Try lemon grass,ginger,galanga,garlic,lime leaf or some chilis with some heat use any of these in different combinations personally I use galanga in other cuisine than thai.But get familar with there flavors and aromas. I have found 
that building flavor layer upon layer gives a richer taste.The was I do it is
put oil in wok add you onion,spices,ect. brown then throw some flour in makeing a rue. I usually take the rue color to light brown.then I add a bit of tomatoes paste work it into the rue then add liquids. I don't know what you are making but hope this might help.


----------



## sleepy_dragon (Aug 30, 2005)

Which brand of Thai curry paste are you using? Mae Ploy has shrimp paste in it, whereas Arroy-D is vegetarian. Nothing wrong with that of course, but if you're stocked with a large supply of Arroy-D, then consider getting a little tub of shrimp paste to doctor it up. 
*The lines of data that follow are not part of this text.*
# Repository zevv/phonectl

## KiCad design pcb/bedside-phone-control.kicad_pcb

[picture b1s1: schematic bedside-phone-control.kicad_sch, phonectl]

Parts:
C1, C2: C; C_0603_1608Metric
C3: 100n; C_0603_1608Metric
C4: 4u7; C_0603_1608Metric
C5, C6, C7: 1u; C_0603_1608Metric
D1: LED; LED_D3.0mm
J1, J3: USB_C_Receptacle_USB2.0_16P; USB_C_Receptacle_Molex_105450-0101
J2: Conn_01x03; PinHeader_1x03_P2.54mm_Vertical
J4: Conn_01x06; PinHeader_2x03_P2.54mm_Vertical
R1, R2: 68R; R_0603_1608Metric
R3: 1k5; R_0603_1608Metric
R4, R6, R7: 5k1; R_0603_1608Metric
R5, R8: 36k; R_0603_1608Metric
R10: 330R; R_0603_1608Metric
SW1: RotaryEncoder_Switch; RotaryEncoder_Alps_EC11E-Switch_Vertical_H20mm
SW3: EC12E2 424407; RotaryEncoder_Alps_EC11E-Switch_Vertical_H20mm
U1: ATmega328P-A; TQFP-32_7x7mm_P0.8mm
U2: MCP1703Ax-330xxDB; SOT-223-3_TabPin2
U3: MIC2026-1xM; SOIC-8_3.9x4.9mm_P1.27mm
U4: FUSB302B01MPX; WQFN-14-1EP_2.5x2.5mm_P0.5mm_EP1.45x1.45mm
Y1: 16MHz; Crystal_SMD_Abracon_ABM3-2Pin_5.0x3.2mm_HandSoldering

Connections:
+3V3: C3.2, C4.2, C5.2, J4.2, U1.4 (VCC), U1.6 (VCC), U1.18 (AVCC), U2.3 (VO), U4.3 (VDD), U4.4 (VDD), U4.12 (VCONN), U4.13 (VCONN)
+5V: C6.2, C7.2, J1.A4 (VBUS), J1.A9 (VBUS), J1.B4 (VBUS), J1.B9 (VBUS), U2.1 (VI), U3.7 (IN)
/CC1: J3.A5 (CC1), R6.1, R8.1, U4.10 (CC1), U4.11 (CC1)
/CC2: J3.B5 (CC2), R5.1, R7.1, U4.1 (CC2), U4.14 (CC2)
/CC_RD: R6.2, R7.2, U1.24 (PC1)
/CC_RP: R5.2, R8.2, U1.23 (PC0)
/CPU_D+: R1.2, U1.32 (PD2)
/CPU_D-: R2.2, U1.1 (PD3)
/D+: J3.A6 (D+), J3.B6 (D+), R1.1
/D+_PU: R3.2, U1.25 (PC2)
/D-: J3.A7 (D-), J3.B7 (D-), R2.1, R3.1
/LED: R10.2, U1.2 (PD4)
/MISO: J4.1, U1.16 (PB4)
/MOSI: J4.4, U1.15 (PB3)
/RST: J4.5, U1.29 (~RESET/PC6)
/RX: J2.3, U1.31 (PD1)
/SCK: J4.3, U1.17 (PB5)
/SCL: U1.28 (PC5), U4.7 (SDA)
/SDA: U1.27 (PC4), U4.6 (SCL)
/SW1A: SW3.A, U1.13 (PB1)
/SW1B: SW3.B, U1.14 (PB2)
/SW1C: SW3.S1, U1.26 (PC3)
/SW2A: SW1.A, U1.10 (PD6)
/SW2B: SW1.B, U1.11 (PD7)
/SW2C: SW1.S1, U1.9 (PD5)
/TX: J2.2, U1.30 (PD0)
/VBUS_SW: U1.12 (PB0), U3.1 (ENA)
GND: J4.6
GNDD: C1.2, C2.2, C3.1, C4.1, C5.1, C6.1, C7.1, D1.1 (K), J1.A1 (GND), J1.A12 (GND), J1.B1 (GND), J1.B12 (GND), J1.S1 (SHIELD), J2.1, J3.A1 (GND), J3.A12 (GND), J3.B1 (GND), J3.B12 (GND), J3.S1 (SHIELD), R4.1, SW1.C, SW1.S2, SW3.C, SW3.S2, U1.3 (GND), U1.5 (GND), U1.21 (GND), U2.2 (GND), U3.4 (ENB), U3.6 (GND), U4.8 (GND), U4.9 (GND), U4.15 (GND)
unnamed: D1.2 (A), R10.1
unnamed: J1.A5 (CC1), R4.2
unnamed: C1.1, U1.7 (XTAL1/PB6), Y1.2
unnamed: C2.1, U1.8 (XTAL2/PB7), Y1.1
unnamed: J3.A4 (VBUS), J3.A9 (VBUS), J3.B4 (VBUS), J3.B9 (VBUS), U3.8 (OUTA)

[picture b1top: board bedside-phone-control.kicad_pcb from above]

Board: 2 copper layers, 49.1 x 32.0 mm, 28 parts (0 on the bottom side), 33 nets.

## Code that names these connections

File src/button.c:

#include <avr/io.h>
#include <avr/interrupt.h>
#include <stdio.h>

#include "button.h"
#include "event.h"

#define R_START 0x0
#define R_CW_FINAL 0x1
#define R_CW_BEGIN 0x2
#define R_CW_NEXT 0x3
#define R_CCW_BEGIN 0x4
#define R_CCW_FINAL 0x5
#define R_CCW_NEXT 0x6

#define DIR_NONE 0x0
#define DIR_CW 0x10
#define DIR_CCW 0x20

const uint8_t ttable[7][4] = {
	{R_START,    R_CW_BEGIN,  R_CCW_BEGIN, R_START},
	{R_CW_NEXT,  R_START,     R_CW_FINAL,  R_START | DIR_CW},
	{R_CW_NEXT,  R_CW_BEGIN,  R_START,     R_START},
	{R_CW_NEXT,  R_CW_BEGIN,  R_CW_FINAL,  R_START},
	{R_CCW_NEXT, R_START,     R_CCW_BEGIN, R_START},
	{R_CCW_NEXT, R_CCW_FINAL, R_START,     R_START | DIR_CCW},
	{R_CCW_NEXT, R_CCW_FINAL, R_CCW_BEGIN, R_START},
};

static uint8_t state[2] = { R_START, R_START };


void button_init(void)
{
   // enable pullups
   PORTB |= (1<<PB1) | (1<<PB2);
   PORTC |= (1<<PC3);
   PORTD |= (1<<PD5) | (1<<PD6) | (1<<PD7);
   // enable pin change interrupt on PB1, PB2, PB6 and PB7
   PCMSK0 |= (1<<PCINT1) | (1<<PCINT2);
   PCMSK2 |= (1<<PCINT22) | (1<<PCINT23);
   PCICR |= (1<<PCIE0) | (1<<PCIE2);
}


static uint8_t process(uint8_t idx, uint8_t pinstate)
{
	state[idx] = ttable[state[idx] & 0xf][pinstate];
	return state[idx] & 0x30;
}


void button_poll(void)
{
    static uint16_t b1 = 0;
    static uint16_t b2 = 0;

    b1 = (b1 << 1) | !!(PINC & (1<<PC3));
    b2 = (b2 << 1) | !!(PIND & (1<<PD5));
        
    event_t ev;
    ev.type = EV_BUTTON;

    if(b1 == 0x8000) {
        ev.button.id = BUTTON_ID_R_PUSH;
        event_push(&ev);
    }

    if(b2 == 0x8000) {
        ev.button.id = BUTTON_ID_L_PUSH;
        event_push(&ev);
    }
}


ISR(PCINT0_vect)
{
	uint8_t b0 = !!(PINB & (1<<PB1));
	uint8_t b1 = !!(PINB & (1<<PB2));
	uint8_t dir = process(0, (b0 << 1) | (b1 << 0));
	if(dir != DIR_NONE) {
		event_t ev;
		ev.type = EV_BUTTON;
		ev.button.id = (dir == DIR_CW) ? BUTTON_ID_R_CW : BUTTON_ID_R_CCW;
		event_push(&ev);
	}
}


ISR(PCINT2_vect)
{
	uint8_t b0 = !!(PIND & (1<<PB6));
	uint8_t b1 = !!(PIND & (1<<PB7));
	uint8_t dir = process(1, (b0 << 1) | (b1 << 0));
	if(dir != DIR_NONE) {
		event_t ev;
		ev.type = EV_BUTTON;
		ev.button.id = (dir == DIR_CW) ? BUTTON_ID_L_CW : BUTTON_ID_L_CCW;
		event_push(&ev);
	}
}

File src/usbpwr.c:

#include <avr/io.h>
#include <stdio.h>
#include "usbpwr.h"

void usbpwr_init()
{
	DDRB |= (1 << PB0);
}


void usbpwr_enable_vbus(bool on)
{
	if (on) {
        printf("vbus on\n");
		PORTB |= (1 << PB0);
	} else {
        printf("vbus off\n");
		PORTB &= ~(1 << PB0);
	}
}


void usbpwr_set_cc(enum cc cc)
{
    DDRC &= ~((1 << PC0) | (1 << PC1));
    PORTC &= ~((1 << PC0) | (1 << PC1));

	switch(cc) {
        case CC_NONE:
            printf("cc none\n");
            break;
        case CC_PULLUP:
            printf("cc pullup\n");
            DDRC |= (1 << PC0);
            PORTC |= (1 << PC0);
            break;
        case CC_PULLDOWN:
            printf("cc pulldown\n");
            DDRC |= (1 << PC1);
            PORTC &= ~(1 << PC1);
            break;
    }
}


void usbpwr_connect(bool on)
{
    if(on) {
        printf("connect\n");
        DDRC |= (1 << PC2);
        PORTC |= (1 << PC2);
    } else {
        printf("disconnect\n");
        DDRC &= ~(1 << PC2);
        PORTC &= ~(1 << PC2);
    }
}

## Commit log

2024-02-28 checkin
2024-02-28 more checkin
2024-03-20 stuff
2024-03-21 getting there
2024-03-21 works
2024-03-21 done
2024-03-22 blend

And ditto on all the herbs and aromatics others have mentioned. Even better would be getting some key limes instead of regular ones.

If it's for a bonafide Thai curry dish, then also start with a good chicken stock made with bones, mirepoix, fresh turmeric root, lemongrass, lime leaves, ginger, galangal, and white peppercorns. 

Pounding Thai bird chilies in a mortar will make them extra spicy. Another option would be to make prik nam pla on the side (birds, fish sauce and lime juice) for those customers who want it hotter and more pungent.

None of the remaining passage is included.